How not to deal with leads. I left my business card at an aging services event recently – and someone at the company was assigned to do something with it. Their approach, contact me through a robo-call to enroll me in their message broadcasting service that was not appropriate for my type of business. The authoritative recorded voice threaded its way through a description and finally spelled out the menu choices – if you want to hear more (about this lengthily described offering), press 4. But I didn’t want to hear more, so I waited for more choices, pressed another option and was led to another option, and finally got a recorded voice of a specific person (this was during business hours) for me to leave a message with information that would enable my number to be removed.
Research projects as products-to-be. Remember the iShoe? A hopeful research project, led by Erez Lieberman at MIT who won a prize in 2008 for designing it. It was to be tested by Ohio Health, to be available as a product in 2010 for $100. Someone asked me about it recently – sadly, there is no iShoe for you to buy. Maybe Ohio Health had some difficulty emerge during testing. Of course, there is also no article announcing the end of the iShoe project and concept. People remember it, though, and they confuse it with the now-available GPS shoe.
Veterans Day is a reminder of a well-recorded past. Watch aging veterans assemble in parks, read about Honor Flight – where veterans aged 83 to 100 are flown from across the country to Washington to visit the World War II and other memorials. Veterans Day is a moment in which the history and backgrounds of individuals are celebrated, speeches are given, flags are waved. Sit next to veterans at one of these events and they will proudly tell you about the remembered past. I wonder how many of them, though, have actually left a recorded (or video) version of that remembered past for family members?

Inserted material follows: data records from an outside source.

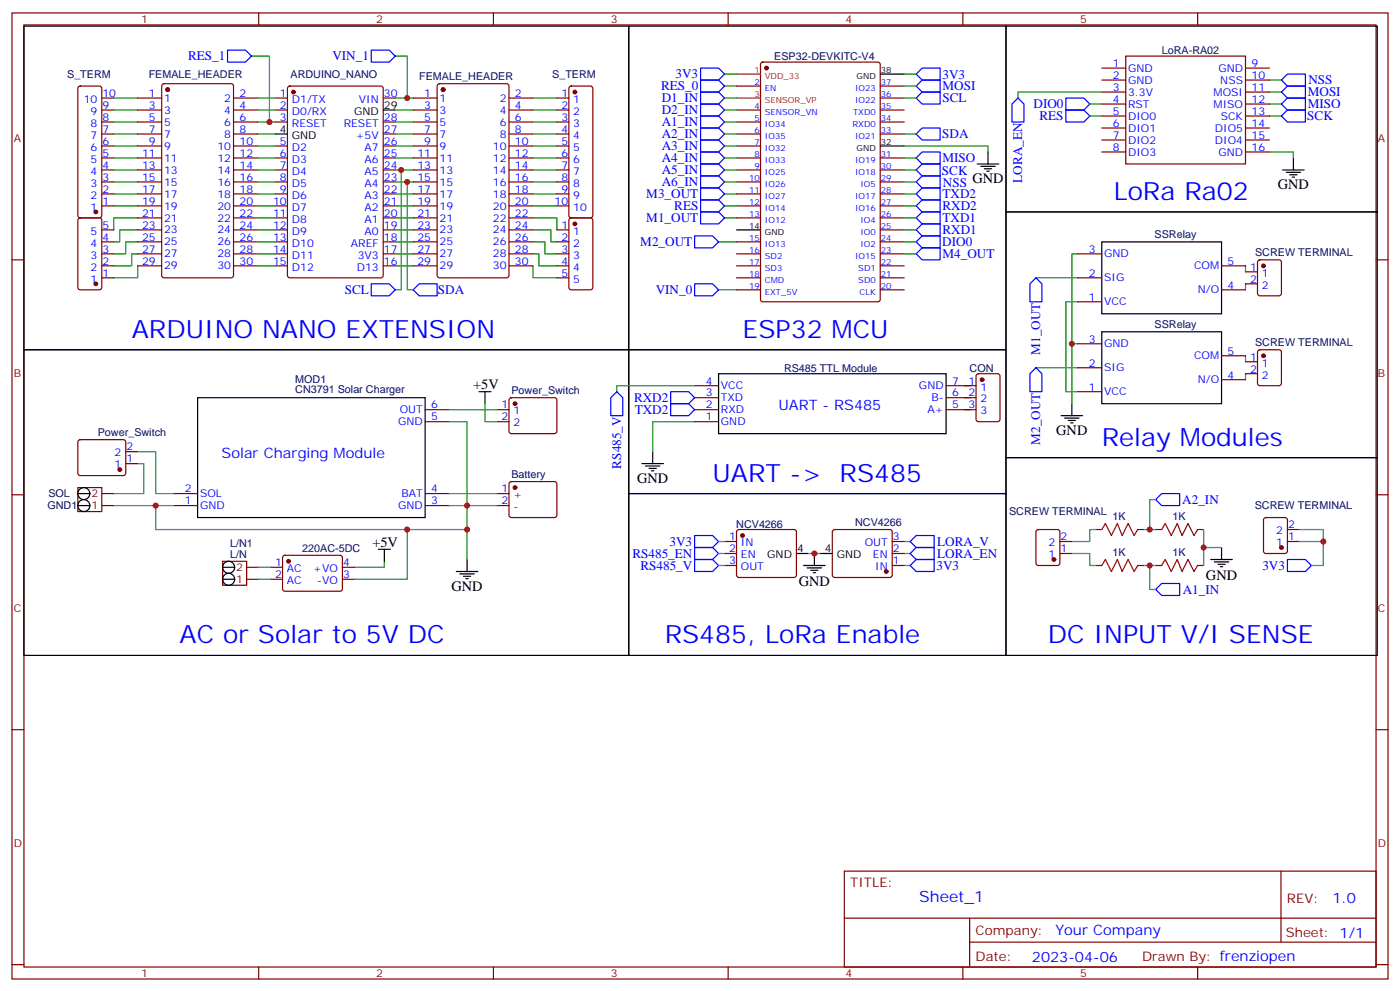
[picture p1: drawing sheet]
<svg xmlns="http://www.w3.org/2000/svg" width="412mm" height="292mm" viewBox="0 0 412 292" stroke-linecap="round" stroke-linejoin="round" font-family="sans-serif">
<g fill="none" stroke="#870000" stroke-width=".35">
<path d="M3.5 3.8h405.4v284.3h-405.4zM7.1 7.3h398.2v277.3h-398.2zM76.2 3.8v3.5M145.3 3.8v3.5M214.5 3.8v3.5M224.2 18.5l.5-.2h33.9l.6 .4 .1 69.4-.5 .7h-34.1l-.6-.4-.1-69.4zM283.6 3.8v3.5M331.6 16.5h35.3v31.8h-35.3zM352.8 3.8v3.5M23.2 25.5l.4-.2h5.7l.5 .2 .2 .5v37.4l-.2 .5-.5 .2h-5.7l-.5-.2-.2-.5v-37.4zM30 39.4h3.5M30 35.9h3.5"/>
<path d="M30 32.4h3.5M30 28.9h3.5M40.6 39.4h7M40.6 35.9h7M40.6 32.4h7M40.6 28.9h7M47.9 24.8l.4-.2h19.8l.6 .5 .1 56-.5 .6-20 .1-.6-.5-.1-56zM68.8 39.4h7M68.8 35.9h7M68.8 32.4h7M68.8 28.9h7M81.1 35.9h3.6"/>
<path d="M81.1 32.4h3.6M81.1 28.9h3.6M84.9 25.5l.5-.2h26.8l.6 .5 .1 55.3-.5 .6-27 .1-.7-.5v-55.3zM112.9 39.4h3.5M112.9 35.9h3.5M112.9 28.9h3.5M121.7 39.4h7.1M121.7 35.9h7.1M121.7 32.4h7.1M121.7 28.9h7.1M129 24.8l.5-.2h19.7l.7 .5v56l-.4 .6-20 .1-.7-.5v-56zM149.9 39.4h7.1"/>
<path d="M149.9 35.9h7.1M149.9 32.4h7.1M149.9 28.9h7.1M164 39.4h3.6M164 35.9h3.6M164 32.4h3.6M164 28.9h3.6M167.8 25.5l.5-.2h5.6l.5 .2 .2 .5v37.4l-.2 .5-.5 .2h-5.6l-.5-.2-.2-.5v-37.4zM217 39.4h7M217 35.9h7M217 32.4h7M217 25.3h7"/>
<path d="M259.3 39.4h7M259.3 35.9h7M259.3 32.4h7M259.3 28.9h7M259.3 25.3h7M324.6 20h7M324.6 23.6h7M324.6 27.1h7M324.6 30.6h7M324.6 34.1h7M324.6 37.7h7M366.9 20h7"/>
<path d="M366.9 23.6h7M366.9 27.1h7M366.9 30.6h7M366.9 34.1h7M366.9 37.7h7M30 57.1h3.5M30 53.6h3.5M30 50h3.5M30 46.5h3.5M30 43h3.5M40.6 57.1h7M40.6 53.6h7"/>
<path d="M40.6 50h7M40.6 46.5h7M40.6 43h7M68.8 57.1h7M68.8 53.6h7M68.8 50h7M68.8 46.5h7M68.8 43h7M81.1 57.1h3.6M81.1 53.6h3.6M81.1 50h3.6M81.1 46.5h3.6"/>
<path d="M81.1 43h3.6M112.9 57.1h3.5M112.9 53.6h3.5M112.9 50h3.5M112.9 46.5h3.5M112.9 43h3.5M121.7 57.1h7.1M121.7 53.6h7.1M121.7 50h7.1M121.7 46.5h7.1M121.7 43h7.1M149.9 57.1h7.1"/>
<path d="M149.9 53.6h7.1M149.9 50h7.1M149.9 46.5h7.1M149.9 43h7.1M164 57.1h3.6M164 53.6h3.6M164 50h3.6M164 46.5h3.6M164 43h3.6M217 57.1h7M217 53.6h7M217 50h7"/>
<path d="M217 46.5h7M217 43h7M259.3 57.1h7M259.3 53.6h7M259.3 50h7M259.3 46.5h7M324.6 41.2h7M324.6 44.7h7M366.9 41.2h7M366.9 44.7h7M3.5 76.5h3.6M23.2 64.3l.4-.2h5.7l.6 .5 .1 20-.5 .6-5.9 .1-.6-.5-.1-20z"/>
<path d="M30 78.2h3.5M30 74.7h3.5M30 71.2h3.5M30 67.7h3.5M30 60.6h3.5M40.6 78.2h7M40.6 74.7h7M40.6 71.2h7M40.6 67.7h7M40.6 60.6h7M40.6 64.1h7M68.8 78.2h7"/>
<path d="M68.8 74.7h7M68.8 71.2h7M68.8 67.7h7M68.8 60.6h7M68.8 64.1h7M81.1 78.2h3.6M81.1 74.7h3.6M81.1 71.2h3.6M81.1 67.7h3.6M81.1 60.6h3.6M81.1 64.1h3.6M112.9 78.2h3.5"/>
<path d="M112.9 74.7h3.5M112.9 71.2h3.5M112.9 67.7h3.5M112.9 60.6h3.5M112.9 64.1h3.5M121.7 78.2h7.1M121.7 74.7h7.1M121.7 71.2h7.1M121.7 67.7h7.1M121.7 60.6h7.1M121.7 64.1h7.1M149.9 78.2h7.1"/>
<path d="M149.9 74.7h7.1M149.9 71.2h7.1M149.9 67.7h7.1M149.9 60.6h7.1M149.9 64.1h7.1M164 78.2h3.6M164 74.7h3.6M164 71.2h3.6M164 67.7h3.6M164 60.6h3.6M167.8 64.3l.5-.2h5.6l.7 .5v20l-.4 .6-5.9 .1-.7-.5v-20zM217 78.2h7"/>
<path d="M217 74.7h7M217 71.2h7M217 60.6h7M217 64.1h7M259.3 78.2h7M259.3 74.7h7M259.3 71.2h7M259.3 67.7h7M259.3 60.6h7M259.3 64.1h7M317.5 74.7h7.1M359.8 78.2h7.1"/>
<path d="M370.7 76.7l.4-.2h5.7l.6 .4 .1 9.5-.5 .6-5.9 .1-.6-.5-.1-9.4zM405.3 76.5h3.6M30 81.8h3.5M164 81.8h3.6M217 81.8h7M217 85.3h7M259.3 81.8h7M259.3 85.3h7M317.5 81.8h7.1M317.5 88.8h7.1M359.8 85.3h7.1M366.9 80h3.5"/>
<path d="M366.9 83.5h3.5M317.5 115.3h7.1M317.5 108.2h7.1M317.5 101.2h7.1M359.8 111.8h7.1M359.8 104.7h7.1M366.9 106.5h3.5M366.9 110h3.5M370.7 103.1l.4-.2h5.7l.6 .5 .1 9.4-.5 .7h-5.9l-.6-.4-.1-9.5zM3.5 145.6h3.6M405.3 145.6h3.6M3.5 214.8h3.6"/>
<path d="M405.3 214.8h3.6M248.7 256.4h156.6v28.2h-156.6zM377.3 256.4v20.9M248.7 270.2h156.5M285.6 277.3h119.6M285.6 270.2v14.2M3.5 283.9h3.6M76.2 284.6v3.5M145.3 284.6v3.5M214.5 284.6v3.5M283.6 284.6v3.5M352.8 284.6v3.5"/>
<path d="M405.3 283.9h3.6"/>
</g>
<g fill="none" stroke="#00f" stroke-width=".35">
<path d="M67 14.7h5.3l1.8 1.8-1.8 1.8h-5.3zM109.4 14.7h5.3l1.7 1.8-1.7 1.8h-5.3zM206.4 23.6h5.3l1.7 1.7-1.7 1.8h-5.3zM271.6 23.6h5.3v3.5h-5.3l-1.7-1.8zM271.6 27.1h5.3v3.5h-5.3l-1.7-1.7zM271.6 37.7h5.3v3.5h-5.3l-1.7-1.8zM314 28.9h5.3l1.7 1.7-1.7 1.8h-5.3zM314 32.4h5.3l1.7 1.7-1.7 1.8h-5.3zM377.5 23.6l1.7-1.8h5.3v3.5h-5.3zM377.5 34.1l1.7-1.7h5.3v3.5h-5.3zM377.5 27.1l1.7-1.8h5.3v3.6h-5.3zM377.5 30.6l1.7-1.7h5.3v3.5h-5.3z"/>
<path d="M206.4 55.3h5.3l1.7 1.8-1.7 1.7h-5.3zM206.4 58.8h5.3l1.7 1.8-1.7 1.8h-5.3zM269.9 50l1.7-1.7h5.3v3.5h-5.3zM271.6 51.8h5.3v3.5h-5.3l-1.7-1.7zM271.6 44.7h5.3v3.6h-5.3l-1.7-1.8zM204.6 69.4h5.3l1.8 1.8-1.8 1.8h-5.3zM206.4 62.4h5.3l1.7 1.7-1.7 1.8h-5.3zM269.9 74.7l1.7-1.7h5.3v3.5h-5.3zM271.6 69.4h5.3v3.6h-5.3l-1.7-1.8zM109.4 83.5h5.3l1.7 1.8-1.7 1.8h-5.3zM121.7 85.3l1.8-1.8h5.3v3.6h-5.3zM204.6 83.5h5.3l1.8 1.8-1.8 1.8h-5.3z"/>
<path d="M305.2 81.8l1.7 1.7v5.3h-3.5v-5.3zM305.2 108.2l1.7 1.8v5.3h-3.5v-5.3z"/>
</g>
<g fill="none" stroke="#008700" stroke-width=".35">
<path d="M74.1 16.5h5.3v19.4M116.4 16.5h3.5v12.4M33.5 35.9h7.1M33.5 39.4h7.1M33.5 32.4h7.1M33.5 28.9h7.1M75.8 35.9h5.3M75.8 39.4h5.3M75.8 32.4h5.3M75.8 28.9h5.3M116.4 35.9h5.3M116.4 39.4h5.3"/>
<path d="M116.4 32.4h5.3M116.4 28.9h5.3M157 35.9h7M157 39.4h7M157 32.4h7M157 28.9h7M213.4 25.3h3.6M266.3 39.4h3.6M266.3 28.9h3.6M266.3 25.3h3.6M321 34.1h3.6M321 30.6h3.6"/>
<path d="M373.9 34.1h3.6M373.9 30.6h3.6M373.9 27.1h3.6M373.9 23.6h3.6M33.5 57.1h7.1M33.5 53.6h7.1M33.5 50h7.1M33.5 46.5h7.1M33.5 43h7.1M75.8 57.1h5.3M75.8 53.6h5.3M75.8 50h5.3"/>
<path d="M75.8 46.5h5.3M75.8 43h5.3M116.4 57.1h5.3M116.4 53.6h5.3M116.4 50h5.3M116.4 46.5h5.3M116.4 43h5.3M118.2 50v35.3h-1.8M119.9 53.6v31.7h1.8M157 57.1h7M157 53.6h7M157 50h7"/>
<path d="M157 46.5h7M157 43h7M213.4 57.1h3.6M266.3 53.6h3.6M266.3 50h3.6M266.3 46.5h3.6M33.5 60.6h7.1M40.6 78.2v3.6h-7.1M40.6 74.7h-1.8v3.5h-5.3M40.6 71.2h-3.6v3.5h-3.5M40.6 67.7h-5.3v3.5h-1.8M40.6 64.1h-7.1v3.6"/>
<path d="M75.8 60.6h5.3M75.8 64.1h5.3M75.8 67.7h5.3M75.8 71.2h5.3M75.8 74.7h5.3M75.8 78.2h5.3M116.4 60.6h5.3M116.4 64.1h5.3M116.4 67.7h5.3M116.4 71.2h5.3M116.4 74.7h5.3M116.4 78.2h5.3"/>
<path d="M157 78.2v3.6h7M157 74.7h1.7v3.5h5.3M157 71.2h3.5v3.5h3.5M157 67.7h5.3v3.5h1.7M157 64.1h7v3.6M157 60.6h7M211.7 71.2h5.3M213.4 60.6h3.6M213.4 64.1h3.6M266.3 71.2h3.6M266.3 74.7h3.6M317.5 74.7h-1.8v26.5h1.8"/>
<path d="M366.9 78.2v1.8M211.7 85.3h5.3M305.2 81.8h12.3M317.5 88.8h-3.5v26.5h3.5M366.9 83.5v1.8M305.2 108.2h12.3M366.9 104.7v1.8M366.9 110v1.8M113.2 165.2v1.8h-8.8"/>
</g>
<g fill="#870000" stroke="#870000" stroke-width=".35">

Should video monitoring be required in small assisted living homes? In recent Senate testimony, ALFA president Rick Grimes sounded a bit defensive about the regulatory oversight of assisted living facilities (ALFs) in Florida (aka 'group homes' in other states). Let's back up: Even when multiple residents died of abuse and neglect and inspections revealed multiple violations, the Agency for Health Care Administration didn’t close these troubled small homes down. Says Mr. Grimes: regulation in all fifty states (aka 50 different sets of regulations) is plenty adequate, and by the way, each state’s seniors are ‘different’ -- the Florida deaths were due to ‘management’ issues.